Fourth, militaries – the U.S. military as well as the forces of Asia and Africa – are integral to global malaria elimination. Militaries are often acutely vulnerable to infection. They can become a vector to their families and other parts of society, which has been a driving motivation for military involvement in malaria response efforts in the past. They also have exceptional reach into remote border areas where there are large mobile populations, limited health infrastructure, and rising resistance, making partnerships with militaries all the more important to reaching an elimination goal.

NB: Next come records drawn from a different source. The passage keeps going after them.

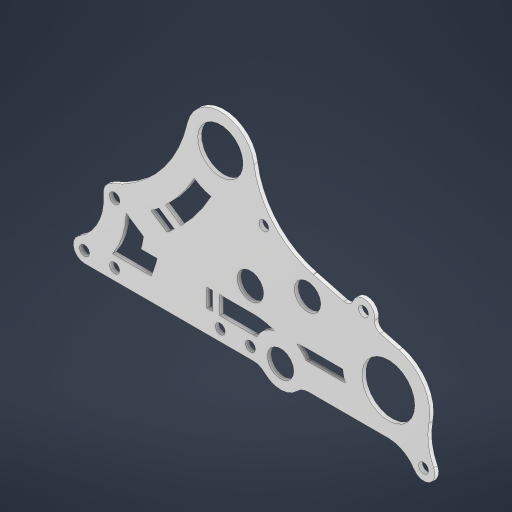
# Autodesk Inventor part: reservoir_mount
Saved by Autodesk Inventor 2024 (Build 280153000, 153)
## iProperties
Created: 2023-11-18
Part Number: reservoir_mount
Material: Acetal Resin, White
Document SubType Name: Sheet Metal
Designer: avere
Density: 1.425 g/cm^3
Appearance: Smooth - White
Flat Pattern Width: 9.19608 cm
Flat Pattern Length: 15.2289 cm
Flat Pattern Area: 140.046 cm^2
Sheet Metal Rule: Default_mm
Sheet Metal Width: 3.621 in
Sheet Metal Length: 5.996 in
Sheet Metal Area: 21.707 in^2
Author: avere
Autodesk Inventor part; units mm, degrees
ref_plane "YZ Plane" through (0, 0, 0) normal (1, 0, 0) x (0, 1, 0)
ref_plane "XZ Plane" through (0, 0, 0) normal (0, 1, 0) x (-1, 0, 0)
ref_plane "XY Plane" through (0, 0, 0) normal (0, 0, 1) x (1, 0, 0)
sketch "main" plane through (0, 0, 0) normal (0, 0, 1) x (1, 0, 0)
  circle A0 centre (-14.2783, -9.7185) radius 2.1844
  ellipse E0 centre (34.925, 23.8125) end of major axis (34.925, 33.3375) minor radius 9.5235
  point P0 (-4.2471, 2.7063)
sketch "Sketch1" plane through (0, 0, 0) normal (0, 0, 1) x (1, 0, 0)
  arc A0 (-1.8077, 4.4061) -> (-4.7431, -0.4299) centre (0, 0) ccw
  arc A1 (58.6308, 41.6064) -> (30.55, 42.7109) centre (44.4887, 39.5733) ccw
  circle A2 centre (0, -25.4) radius 2.0955
  circle A3 centre (-12.7, -25.4) radius 2.0955
  arc A4 (-15.2019, -21.3476) -> (-12.7, -30.1625) centre (-12.7, -25.4) ccw
  line L0 (-12.7, -30.1625) -> (-11.7807, -30.1625)
  arc A5 (-15.2019, -21.3476) -> (-4.7431, -0.4299) centre (-26.8773, -2.4363) ccw
  arc A6 (-1.8077, 4.4061) -> (30.55, 42.7109) centre (-22.4149, 54.6332) ccw
  line L1 (31.75, -25.4) -> (57.15, -25.4) construction
  line L2 (31.75, -25.4) -> (36.5125, -25.4) construction
  circle A7 centre (44.45, -25.4) radius 2.0955
  circle A8 centre (57.15, -25.4) radius 2.0955
  circle A9 centre (69.85, -25.4) radius 5.5499
  arc A10 (63.0478, -32.0675) -> (76.8244, -31.8872) centre (69.85, -25.4) ccw
  circle A11 centre (57.15, -3.403) radius 5.5499
  line L3 (-11.7807, -30.1625) -> (58.513, -30.1625)
  line L4 (81.474, -29.8619) -> (115.2189, -29.8619)
  line L5 (-11.7807, -30.1625) -> (61.6011, -30.1625) construction
  line L6 (78.2653, -29.8619) -> (115.2189, -29.8619) construction
  circle A12 centre (81.2023, 4.7609) radius 5.5499
  arc A13 (83.6265, 13.9723) -> (83.523, 13.9989) centre (81.2023, 4.7609) ccw
  arc A14 (58.6308, 41.6064) -> (83.523, 13.9989) centre (91.6512, 46.3534) ccw
  arc A15 (81.474, -29.8619) -> (76.8244, -31.8872) centre (81.474, -36.2119) ccw
  arc A16 (63.0478, -32.0675) -> (58.513, -30.1625) centre (58.513, -36.5125) ccw
  circle A17 centre (115.2189, -12.3994) radius 11.0998
  arc A18 (132.3184, -15.9417) -> (119.6634, 4.488) centre (115.2189, -12.3994) ccw
  circle A19 centre (104.775, 11.1125) radius 2.0955
  arc A20 (109.4545, 10.2271) -> (100.2659, 12.6454) centre (104.775, 11.1125) ccw
  line L7 (119.6634, 4.488) -> (111.766, 6.5664)
  line L8 (96.4518, 10.5969) -> (83.6265, 13.9723)
  arc A21 (96.4518, 10.5969) -> (100.2659, 12.6454) centre (97.2599, 13.6673) ccw
  arc A22 (109.4545, 10.2271) -> (111.766, 6.5664) centre (112.5741, 9.6369) ccw
  circle A23 centre (130.0641, -33.3375) radius 2.0955
  arc A24 (126.0228, -35.8574) -> (134.3205, -31.2011) centre (130.0641, -33.3375) ccw
  arc A25 (132.3184, -15.9417) -> (134.3205, -31.2011) centre (155.2553, -20.6933) ccw
  arc A26 (126.0228, -35.8574) -> (115.2189, -29.8619) centre (115.2189, -42.5941) ccw
  arc A27 (122.2659, -20.9753) -> (122.2726, -21.4129) centre (155.2553, -20.6933) ccw
  arc A28 (59.7857, -20.6886) -> (58.513, -20.6375) centre (58.513, -36.5125) ccw
  arc A29 (-0.8623, -20.6375) -> (4.8666, -3.0564) centre (-26.8773, -2.4363) ccw
  arc A30 (67.0849, -14.637) -> (58.513, -13.0175) centre (58.513, -36.5125) ccw
  arc A31 (11.0441, -13.0175) -> (12.1111, -7.9042) centre (-26.8773, -2.4363) ccw
  line L9 (4.8666, -3.0564) -> (12.1111, -7.9042)
  line L10 (18.5803, 5.7275) -> (25.1468, 1.3334)
  line L11 (21.4396, 8.2742) -> (27.9161, 3.9403)
  arc A32 (15.3458, -20.6375) -> (17.8676, -13.0175) centre (-26.8773, -2.4363) ccw
  line L12 (17.8676, -13.0175) -> (11.0441, -13.0175)
  line L13 (15.3458, -20.6375) -> (-0.8623, -20.6375)
  line L14 (38.7856, -20.6375) -> (38.7856, -13.0175)
  line L15 (41.1925, -20.6375) -> (41.1925, -13.0175)
  line L16 (44.2415, -13.0175) -> (44.2415, -20.6375)
  line L17 (58.513, -13.0175) -> (44.2415, -13.0175)
  line L18 (41.1925, -13.0175) -> (38.7856, -13.0175)
  line L19 (58.513, -20.6375) -> (44.2415, -20.6375)
  line L20 (41.1925, -20.6375) -> (38.7856, -20.6375)
  arc A33 (41.2533, 43.0681) -> (41.1925, 43.0108) centre (44.4887, 39.5733) ccw
  line L21 (15.3458, 3.189) -> (22.0356, -1.2876)
  arc A34 (15.3458, 3.189) -> (18.5803, 5.7275) centre (-22.4149, 54.6332) ccw
  arc A35 (21.4396, 8.2742) -> (33.5532, 23.9747) centre (-22.4149, 54.6332) ccw
  arc A36 (22.0356, -1.2876) -> (25.1468, 1.3334) centre (-22.4149, 54.6332) ccw
  arc A37 (40.5702, 20.9307) -> (41.1925, 20.8107) centre (44.4887, 39.5733) ccw
  arc A38 (27.9161, 3.9403) -> (40.5702, 20.9307) centre (-22.4149, 54.6332) ccw
  arc A39 (33.5532, 23.9747) -> (40.5702, 20.9307) centre (44.4887, 39.5733) ccw
  arc A40 (83.6265, 13.9723) -> (83.523, 13.9989) centre (81.2023, 4.7609) ccw
  arc A41 (67.0849, -14.637) -> (59.7857, -20.6886) centre (69.85, -25.4) ccw
  arc A42 (59.8098, -30.1625) -> (59.882, -30.3118) centre (69.85, -25.4) ccw
  arc A43 (79.9432, -30.0492) -> (80.0274, -29.8619) centre (69.85, -25.4) ccw
  arc A44 (81.474, -14.2875) -> (76.801, -14.7913) centre (81.474, -36.2119) ccw
  arc A45 (80.6713, -18.7848) -> (76.801, -14.7913) centre (69.85, -25.4) ccw
  arc A46 (81.474, -18.7664) -> (80.6713, -18.7848) centre (81.474, -36.2119) ccw
  line L22 (81.474, -18.7664) -> (97.0069, -18.7664)
  arc A47 (96.0187, -14.2875) -> (97.0069, -18.7664) centre (115.2189, -12.3994) ccw
  line L23 (96.0187, -14.2875) -> (81.474, -14.2875)
  circle A48 centre (62.7575, 21.436) radius 2.0955
  circle A49 centre (0, 0) radius 2.1844
  ellipse E0 centre (44.4887, 39.5733) end of major axis (43.2652, 49.0194) minor radius 9.5235
  point P0 (107.9569, 7.5689)
  point P1 (100.2609, 9.5944)
  dimension "d1" = 9.525
  dimension "d2" = 28.575
  dimension "d7" = 22.225
  dimension "d25" = 4.191
  dimension "d26" = 4.191
  dimension "d30" = 11.0998
  dimension "d31" = 11.0998
  dimension "d38" = 6.35
  dimension "d43" = 4.191
  dimension "d44" = 9.525
  dimension "d47" = 9.525
  dimension "d54" = 4.191
  constraints: 82 point on circle, 48 centre point, 48 end point, 23 tangent, 13 horizontal, 10 coincident, 8 point on line, 6 perpendicular, 3 parallel, 2 equal radius, 1 concentric, 1 midpoint, 12 other
  measures "d1" diameter of A0
  measures "d2" diameter of A1
  measures "d7" radius of A5
  measures "d25" diameter of A7
  measures "d26" diameter of A8
  measures "d30" diameter of A9
  measures "d31" diameter of A11
  measures "d38" radius of A15
  measures "d43" diameter of A19
  measures "d44" diameter of A20
  measures "d47" diameter of A24
  measures "d54" diameter of A48
extrude "Extrusion1" add sketch "Sketch1" along normal blind 1.5875
body "Solid1"

The time is ripe for expanding collaborations. The U.S. military has long recognized the threat malaria poses, and has consequently developed deep field research and programmatic experience and assets, concentrated in its overseas medical research laboratories, training and logistical capacities, and data systems. As a matter of policy, senior DoD officials made clear at the December 8 conference that the U.S. military is “all-in” in support of a global elimination strategy which could both advance U.S. troop readiness, strengthen partner country civilian and military institutions, and build collaborations with the Global Fund and non-governmental groups. In the Mekong Sub Region, those opportunities are growing. At the CSIS conference, the Vietnamese military surgeon general outlined his government’s priority to enlarge its own internal civil-military malaria efforts, combined with partnerships with the U.S., the Global Fund, and others. Thai and Myanmar civilian malaria directors each affirmed how important civil-military cooperation is to their respective countries; progress is underway in Thailand, while at an early point in Myanmar.
In closing, while significant challenges remain to the ambitious goal of malaria elimination, I was impressed December 8 by the dynamism, depth of expertise, confidence, and optimism of the several hundred malaria experts assembled for the day.